**The problem:**
Here are the records. Write out exactly the lines between the one holding "common.afterFinalStr = 'Extrapolate'" and the one holding "sbobj.Groups(2).TimeRange = [0 2]", inclusive.

**Record excerpts:**

========

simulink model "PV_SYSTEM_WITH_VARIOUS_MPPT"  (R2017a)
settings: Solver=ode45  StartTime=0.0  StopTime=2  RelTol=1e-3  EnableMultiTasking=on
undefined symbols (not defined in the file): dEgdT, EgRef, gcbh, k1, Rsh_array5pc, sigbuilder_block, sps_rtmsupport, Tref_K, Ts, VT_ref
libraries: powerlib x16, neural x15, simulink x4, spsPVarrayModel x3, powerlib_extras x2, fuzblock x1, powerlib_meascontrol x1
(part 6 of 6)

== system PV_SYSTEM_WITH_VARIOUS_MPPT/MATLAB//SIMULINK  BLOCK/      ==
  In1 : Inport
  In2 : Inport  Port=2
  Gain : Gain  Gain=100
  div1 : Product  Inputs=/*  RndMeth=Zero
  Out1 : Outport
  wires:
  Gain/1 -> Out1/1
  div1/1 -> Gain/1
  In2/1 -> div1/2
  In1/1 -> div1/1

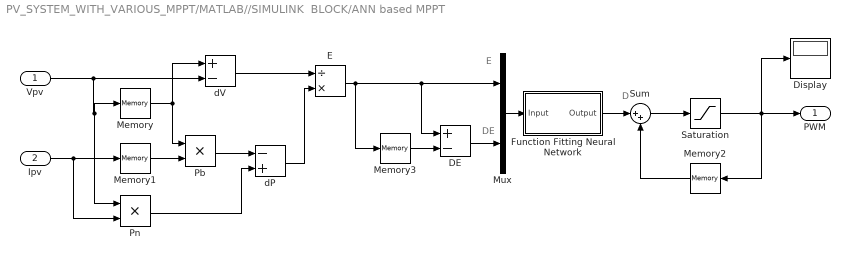
== system PV_SYSTEM_WITH_VARIOUS_MPPT/MATLAB//SIMULINK  BLOCK/ANN based MPPT ==
  note: E
  note: DE
  note: D
  Vpv : Inport
  Ipv : Inport  Port=2
  DE : Sum  Inputs=+-
  Display : Display
  E : Product  Inputs=/*
  Function Fitting Neural Network : Subsystem
      mask help: Function Fitting Neural Network
      mask Display: e = 0.06;c1 = [120 150 230]/255;c2 = ([120 150 230]+0)/383;c3 = ([120 150 230]+128)/383;patch([0 1 1 0],[0 0 1 1],c1);patch([0 1 1 1-e 1-e 0+e],[0 0 1 1-e 0+e 0+e],c2);patch([0 0 1 1-e 0+e 0+e],[0 1 1 1-e 1-e 0+e],c3);plot([0 1 1 0 0],[0 0 1 1 0]);fprintf('NNET');port_label('input',1,' Input');port_label('output',1,'Output ');
  Memory{,1..3} (4 alike) : Memory  InheritSampleTime=on
  Mux : Mux  Inputs=2
  Pb : Product
  Pn : Product
  Saturation : Saturate  UpperLimit=0.9  LowerLimit=0.1
  Sum : Sum  Inputs=|++
  dP : Sum  Inputs=-+
  dV : Sum  Inputs=+-
  PWM : Outport
  wires:
  Function Fitting Neural Network/1(Output) -> Sum/1
  Mux/1 -> Function Fitting Neural Network/1(Input)
  Sum/1 -> Saturation/1
  dV/1 -> E/1
  E/1 -> Memory3/1, Mux/1, DE/1
  dP/1 -> E/2
  Vpv/1 -> dV/2, Memory/1, Pn/1
  Saturation/1 -> Memory2/1, PWM/1, Display/1
  DE/1 -> Mux/2
  Memory3/1 -> DE/2
  Memory2/1 -> Sum/2
  Pn/1 -> dP/2
  Pb/1 -> dP/1
  Memory1/1 -> Pb/2
  Ipv/1 -> Memory1/1, Pn/2
  Memory/1 -> dV/1, Pb/1

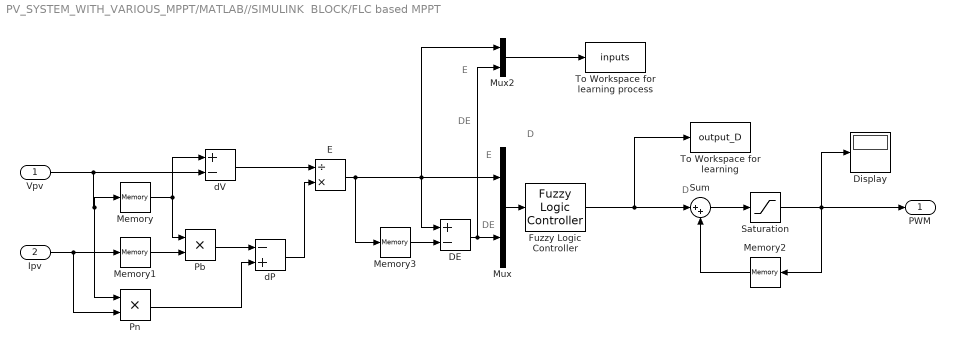
== system PV_SYSTEM_WITH_VARIOUS_MPPT/MATLAB//SIMULINK  BLOCK/FLC based MPPT ==
  note: DE
  note: D
  note: E
  note: D
  note: DE
  note: E
  Vpv : Inport
  Ipv : Inport  Port=2
  DE : Sum  Inputs=+-
  Display : Display
  E : Product  Inputs=/*
  Fuzzy Logic Controller : fuzblock/Fuzzy Logic  Controller  fis=mppt
  Memory{,1..3} (4 alike) : Memory  InheritSampleTime=on
  Mux : Mux  Inputs=2
  Mux2 : Mux  Inputs=2
  Pb : Product
  Pn : Product
  Saturation : Saturate  UpperLimit=0.9  LowerLimit=0.1
  Sum : Sum  Inputs=|++
  To Workspace for learning : ToWorkspace  VariableName=output_D  SampleTime=1e-6
      settings: MaxDataPoints=10000  Save2DSignal=2-D array (concatenate along first dimension)
  To Workspace for learning process : ToWorkspace  VariableName=inputs  SampleTime=1e-6
      settings: MaxDataPoints=100000  Save2DSignal=2-D array (concatenate along first dimension)
  dP : Sum  Inputs=-+
  dV : Sum  Inputs=+-
  PWM : Outport
  wires:
  Memory/1 -> Pb/1, dV/1
  Ipv/1 -> Pn/2, Memory1/1
  Memory1/1 -> Pb/2
  Pb/1 -> dP/1
  Pn/1 -> dP/2
  Memory2/1 -> Sum/2
  Memory3/1 -> DE/2
  DE/1 -> Mux/2, Mux2/2
  Saturation/1 -> Display/1, PWM/1, Memory2/1
  Vpv/1 -> Pn/1, Memory/1, dV/2
  dP/1 -> E/2
  E/1 -> DE/1, Mux/1, Mux2/1, Memory3/1
  dV/1 -> E/1
  Sum/1 -> Saturation/1
  Mux/1 -> Fuzzy Logic Controller/1
  Mux2/1 -> To Workspace for learning process/1
  Fuzzy Logic Controller/1 -> To Workspace for learning/1, Sum/1

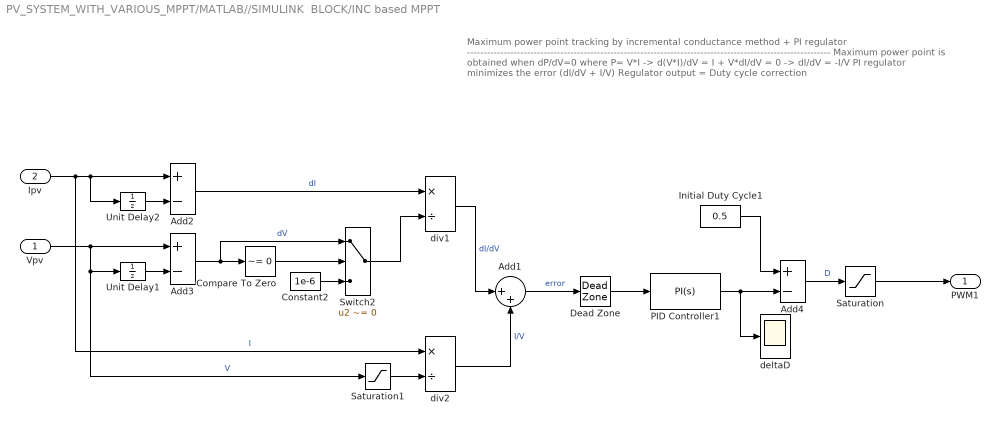
== system PV_SYSTEM_WITH_VARIOUS_MPPT/MATLAB//SIMULINK  BLOCK/INC based MPPT ==
  note: Maximum power point tracking by incremental conductance method + PI regulator
      | -------------------------------------------------------------------------------------------------------------
      | Maximum power point is obtained when dP/dV=0  where P= V*I
      | -> d(V*I)/dV = I + V*dI/dV = 0
      | -> dI/dV = -I/V
      | PI regulator minimizes the error (dI/dV + I/V)
      | Regulator output = Duty cycle correction
  Vpv : Inport
  Ipv : Inport  Port=2
  Add1 : Sum  Inputs=|++
  Add2 : Sum  Inputs=+-
  Add3 : Sum  Inputs=+-
  Add4 : Sum  Inputs=+-
  Compare To Zero : simulink/Logic and Bit Operations/Compare To Zero  relop=~=  OutDataTypeStr=uint8
  Constant2 : Constant  Value=1e-6
  Dead Zone : DeadZone  LowerValue=-0.02  UpperValue=+0.02  SaturateOnIntegerOverflow=on
  Initial Duty Cycle1 : Constant  Value=0.5
  PID Controller1 : simulink/Continuous/PID Controller  Controller=PI  TimeDomain=Continuous-time  SampleTime=-1  IntegratorMethod=Forward Euler  FilterMethod=Forward Euler  Form=Parallel  UseFilter=on  ControllerParametersSource=internal  P=8  I=20  D=0  N=100  InitialConditionSource=internal  InitialConditionForIntegrator=0  InitialConditionForFilter=0  ExternalReset=none  LimitOutput=on  UpperSaturationLimit=1  LowerSaturationLimit=-1  LinearizeAsGain=on  AntiWindupMode=none  Kb=1  TrackingMode=off  Kt=1  PParamMin=[]  PParamMax=[]  IParamMin=[]  IParamMax=[]  DParamMin=[]  DParamMax=[]  NParamMin=[]  NParamMax=[]  KbParamMin=[]  KbParamMax=[]  KtParamMin=[]  KtParamMax=[]  POutMin=[]  POutMax=[]  IOutMin=[]  IOutMax=[]  DOutMin=[]  DOutMax=[]  NOutMin=[]  NOutMax=[]  KbOutMin=[]  KbOutMax=[]  KtOutMin=[]  KtOutMax=[]  IntegratorOutMin=[]  IntegratorOutMax=[]  FilterOutMin=[]  FilterOutMax=[]  SumOutMin=[]  SumOutMax=[]  SumI1OutMin=[]  SumI1OutMax=[]  SumI2OutMin=[]  SumI2OutMax=[]  SumI3OutMin=[]  SumI3OutMax=[]  SumDOutMin=[]  SumDOutMax=[]  SaturationOutMin=[]  SaturationOutMax=[]  IntegratorContinuousStateAttributes=''  IntegratorStateMustResolveToSignalObject=off  IntegratorRTWStateStorageClass=Auto  FilterContinuousStateAttributes=''  FilterStateMustResolveToSignalObject=off  FilterRTWStateStorageClass=Auto  DifferentiatorICPrevScaledInput=0  DifferentiatorOutMin=[]  DifferentiatorOutMax=[]  InitialConditionSetting=State (most efficient)
  Saturation : Saturate  UpperLimit=1  LowerLimit=0
  Saturation1 : Saturate  UpperLimit=inf  LowerLimit=eps
  Switch2 : Switch  Criteria=u2 ~= 0
  Unit Delay1 : UnitDelay  SampleTime=Ts
  Unit Delay2 : UnitDelay  SampleTime=Ts
  deltaD : Scope
  div1 : Product  Inputs=*/  RndMeth=Zero
  div2 : Product  Inputs=*/  RndMeth=Zero
  PWM1 : Outport
  wires:
  Add4/1 -> Saturation/1  "D"
  PID Controller1/1 -> deltaD/1, Add4/2
  Initial Duty Cycle1/1 -> Add4/1
  Add3/1 -> Compare To Zero/1, Switch2/1  "dV"
  div2/1 -> Add1/2  "I/V"
  Saturation1/1 -> div2/2
  Unit Delay1/1 -> Add3/2
  Add2/1 -> div1/1  "dI"
  Switch2/1 -> div1/2
  Unit Delay2/1 -> Add2/2
  Ipv/1 -> Unit Delay2/1, Add2/1, div2/1  "I"
  div1/1 -> Add1/1  "dI/dV"
  Compare To Zero/1 -> Switch2/2
  Constant2/1 -> Switch2/3
  Vpv/1 -> Add3/1, Saturation1/1, Unit Delay1/1  "V"
  Add1/1 -> Dead Zone/1  "error"
  Dead Zone/1 -> PID Controller1/1
  Saturation/1 -> PWM1/1

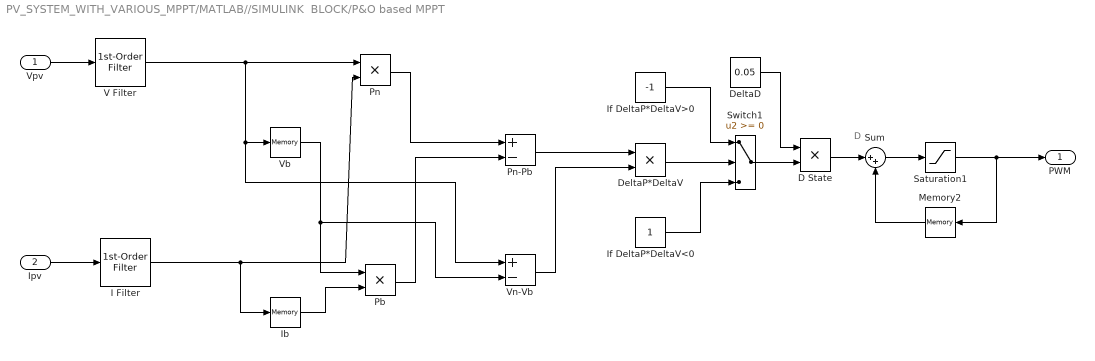
== system PV_SYSTEM_WITH_VARIOUS_MPPT/MATLAB//SIMULINK  BLOCK/P&O based MPPT ==
  note: D
  Vpv : Inport
  Ipv : Inport  Port=2
  D State : Product  RndMeth=Zero
  DeltaD : Constant  Value=0.05
  DeltaP*DeltaV : Product  RndMeth=Zero
  I Filter : powerlib_extras/Control  Blocks/1st-Order  Filter  FilterType=Lowpass  Tc=1e-3  Initialize=off  Vac_Init=[0.8 -25 60]  Vdc_Init=-0.4  PlotResponse=off  param1=[1 500 1]
  Ib : Memory  InheritSampleTime=on  LinearizeAsDelay=on
  If DeltaP*DeltaV<0 : Constant
  If DeltaP*DeltaV>0 : Constant  Value=-1
  Memory2 : Memory  InheritSampleTime=on
  Pb : Product  RndMeth=Zero
  Pn : Product  RndMeth=Zero
  Pn-Pb : Sum  Inputs=+-
  Saturation1 : Saturate  UpperLimit=0.9  LowerLimit=0.1
  Sum : Sum  Inputs=|++
  Switch1 : Switch
  V Filter : powerlib_extras/Control  Blocks/1st-Order  Filter  FilterType=Lowpass  Tc=1e-3  Initialize=off  Vac_Init=[0.8 -25 60]  Vdc_Init=-0.4  PlotResponse=off  param1=[1 500 1]
  Vb : Memory  InheritSampleTime=on  LinearizeAsDelay=on
  Vn-Vb : Sum  Inputs=+-
  PWM : Outport
  wires:
  Ipv/1 -> I Filter/1
  If DeltaP*DeltaV<0/1 -> Switch1/3
  Pn/1 -> Pn-Pb/1
  V Filter/1 -> Vn-Vb/1, Vb/1, Pn/1
  Ib/1 -> Pb/2
  DeltaP*DeltaV/1 -> Switch1/2
  Vb/1 -> Vn-Vb/2, Pb/1
  If DeltaP*DeltaV>0/1 -> Switch1/1
  Pn-Pb/1 -> DeltaP*DeltaV/1
  Vn-Vb/1 -> DeltaP*DeltaV/2
  I Filter/1 -> Pn/2, Ib/1
  Vpv/1 -> V Filter/1
  Pb/1 -> Pn-Pb/2
  Switch1/1 -> D State/2
  DeltaD/1 -> D State/1
  D State/1 -> Sum/1
  Sum/1 -> Saturation1/1
  Memory2/1 -> Sum/2
  Saturation1/1 -> PWM/1, Memory2/1

== system PV_SYSTEM_WITH_VARIOUS_MPPT/MATLAB//SIMULINK  BLOCK/X-Y Plotter ==
  x : Inport
  y : Inport  Port=2
  Setting : Constant  Value=[N xmin xmax ymin ymax]
  X-Y Animated Plotter : MATLAB Function  TreatAsAtomicUnit=on  SystemSampleTime=tsam
  wires:
  Setting/1 -> X-Y Animated Plotter/3(set)
  y/1 -> X-Y Animated Plotter/2(y)
  x/1 -> X-Y Animated Plotter/1(x)

== system PV_SYSTEM_WITH_VARIOUS_MPPT/MATLAB//SIMULINK  BLOCK/	PV panels of LREA laboratory /Irradiance  ==
  Demux : Demux  Tag=STV Demux  Outputs=2
  FromWs : FromWorkspace  Tag=STV FromWs  VariableName=tuvar  SampleTime=0
      SigBuilderData=|
      | common.afterFinalStr = 'Extrapolate'
      | common.sampleTime = '0'
      | dataSet(1).timeRange = [0 2]
      | dataSet(1).name = 'Constant Irradiance'
      | dataSet(2).timeRange = [0 2]
      | dataSet(2).name = 'Step Irradiance'
      | dataSet(3).timeRange = [0 1]
      | dataSet(3).name = 'Ramp-up/down Irradiance'
      | sbobj.Groups(1).Name = 'Constant Irradiance'
      | sbobj.Groups(1).Signals(1).Name = 'Ir'
      | sbobj.Groups(1).Signals(1).XData = [0 2]
      | sbobj.Groups(1).Signals(1).YData = [1000 1000]
      | sbobj.Groups(1).Signals(2).Name = 'Temp'
      | sbobj.Groups(1).Signals(2).XData = [0 1 1 2]
      | sbobj.Groups(1).Signals(2).YData = [0 0 1 1]
      | sbobj.Groups(1).TimeRange = [0 2]
      | sbobj.Groups(2).Name = 'Step Irradiance'
      | sbobj.Groups(2).Signals(1).Name = 'Ir'
      | sbobj.Groups(2).Signals(1).XData = [0 0.252 0.252 2]
      | sbobj.Groups(2).Signals(1).YData = [600 600 1000 1000]
      | sbobj.Groups(2).Signals(2).Name = 'Temp'
      | sbobj.Groups(2).Signals(2).XData = [0 1 1 2]
      | sbobj.Groups(2).Signals(2).YData = [0 0 1 1]
      | sbobj.Groups(2).TimeRange = [0 2]
      | sbobj.Groups(3).Name = 'Ramp-up/down Irradiance'
      | sbobj.Groups(3).Signals(1).Name = 'Ir'
      | sbobj.Groups(3).Signals(1).XData = [0 0.3 0.3 0.4 0.4 0.5 0.5 1]
      | sbobj.Groups(3).Signals(1).YData = [1000 1000 800 795 600 600 400 395]
      | sbobj.Groups(3).Signals(2).Name = 'Temp'
      | sbobj.Groups(3).Signals(2).XData = [0 1]
      | sbobj.Groups(3).Signals(2).YData = [25 25]
      | sbobj.Groups(3).TimeRange = [0 1]
  Ir : Outport  Tag=STV Outport
  Temp : Outport  Tag=STV Outport  Port=2
  wires:
  Demux/1 -> Ir/1
  FromWs/1 -> Demux/1
  Demux/2 -> Temp/1

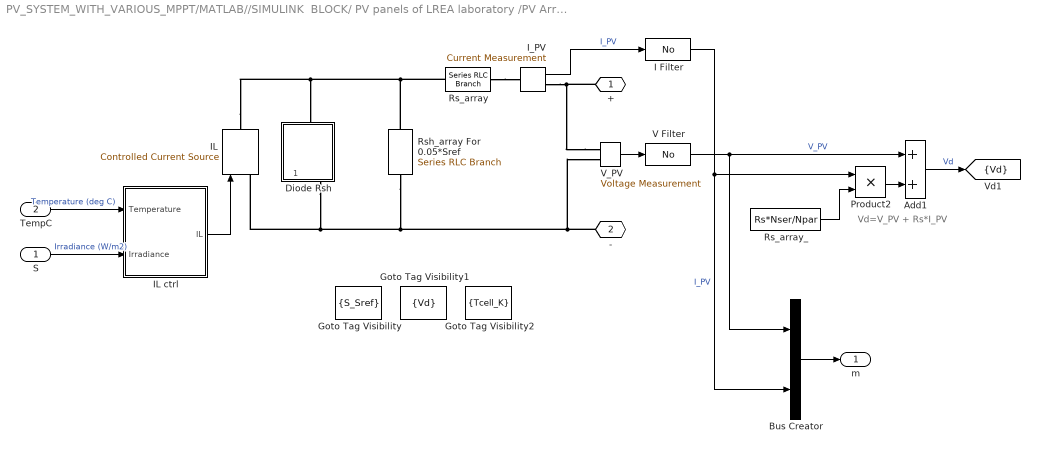
== system PV_SYSTEM_WITH_VARIOUS_MPPT/MATLAB//SIMULINK  BLOCK/	PV panels of LREA laboratory /PV Array ==
  note: Vd=V_PV + Rs*I_PV
  S : Inport
  TempC : Inport  Port=2
  Add1 : Sum
  Bus Creator : BusCreator  Inputs=2
  Diode Rsh : Subsystem
      mask Display:
      | plot(-75,-50,100,150, [-15 -15 43 -15 -15 -75],[50 8 50 92 50 50], ...
      |     [43 43],[8 94],[100 43], [50 50])
  Goto Tag Visibility : GotoTagVisibility  GotoTag=S_Sref
  Goto Tag Visibility1 : GotoTagVisibility  GotoTag=Vd
  Goto Tag Visibility2 : GotoTagVisibility  GotoTag=Tcell_K
  I Filter : spsPVarrayModel/No  VariantControl=Variant1
  IL : powerlib/Electrical Sources/Controlled Current Source  Initialize=on  Source_Type=AC  Amplitude=0  Phase=0  Frequency=0  Measurements=None
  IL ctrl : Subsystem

========

**Solution:**
      | common.afterFinalStr = 'Extrapolate'
      | common.sampleTime = '0'
      | dataSet(1).timeRange = [0 2]
      | dataSet(1).name = 'Constant Irradiance'
      | dataSet(2).timeRange = [0 2]
      | dataSet(2).name = 'Step Irradiance'
      | dataSet(3).timeRange = [0 1]
      | dataSet(3).name = 'Ramp-up/down Irradiance'
      | sbobj.Groups(1).Name = 'Constant Irradiance'
      | sbobj.Groups(1).Signals(1).Name = 'Ir'
      | sbobj.Groups(1).Signals(1).XData = [0 2]
      | sbobj.Groups(1).Signals(1).YData = [1000 1000]
      | sbobj.Groups(1).Signals(2).Name = 'Temp'
      | sbobj.Groups(1).Signals(2).XData = [0 1 1 2]
      | sbobj.Groups(1).Signals(2).YData = [0 0 1 1]
      | sbobj.Groups(1).TimeRange = [0 2]
      | sbobj.Groups(2).Name = 'Step Irradiance'
      | sbobj.Groups(2).Signals(1).Name = 'Ir'
      | sbobj.Groups(2).Signals(1).XData = [0 0.252 0.252 2]
      | sbobj.Groups(2).Signals(1).YData = [600 600 1000 1000]
      | sbobj.Groups(2).Signals(2).Name = 'Temp'
      | sbobj.Groups(2).Signals(2).XData = [0 1 1 2]
      | sbobj.Groups(2).Signals(2).YData = [0 0 1 1]
      | sbobj.Groups(2).TimeRange = [0 2]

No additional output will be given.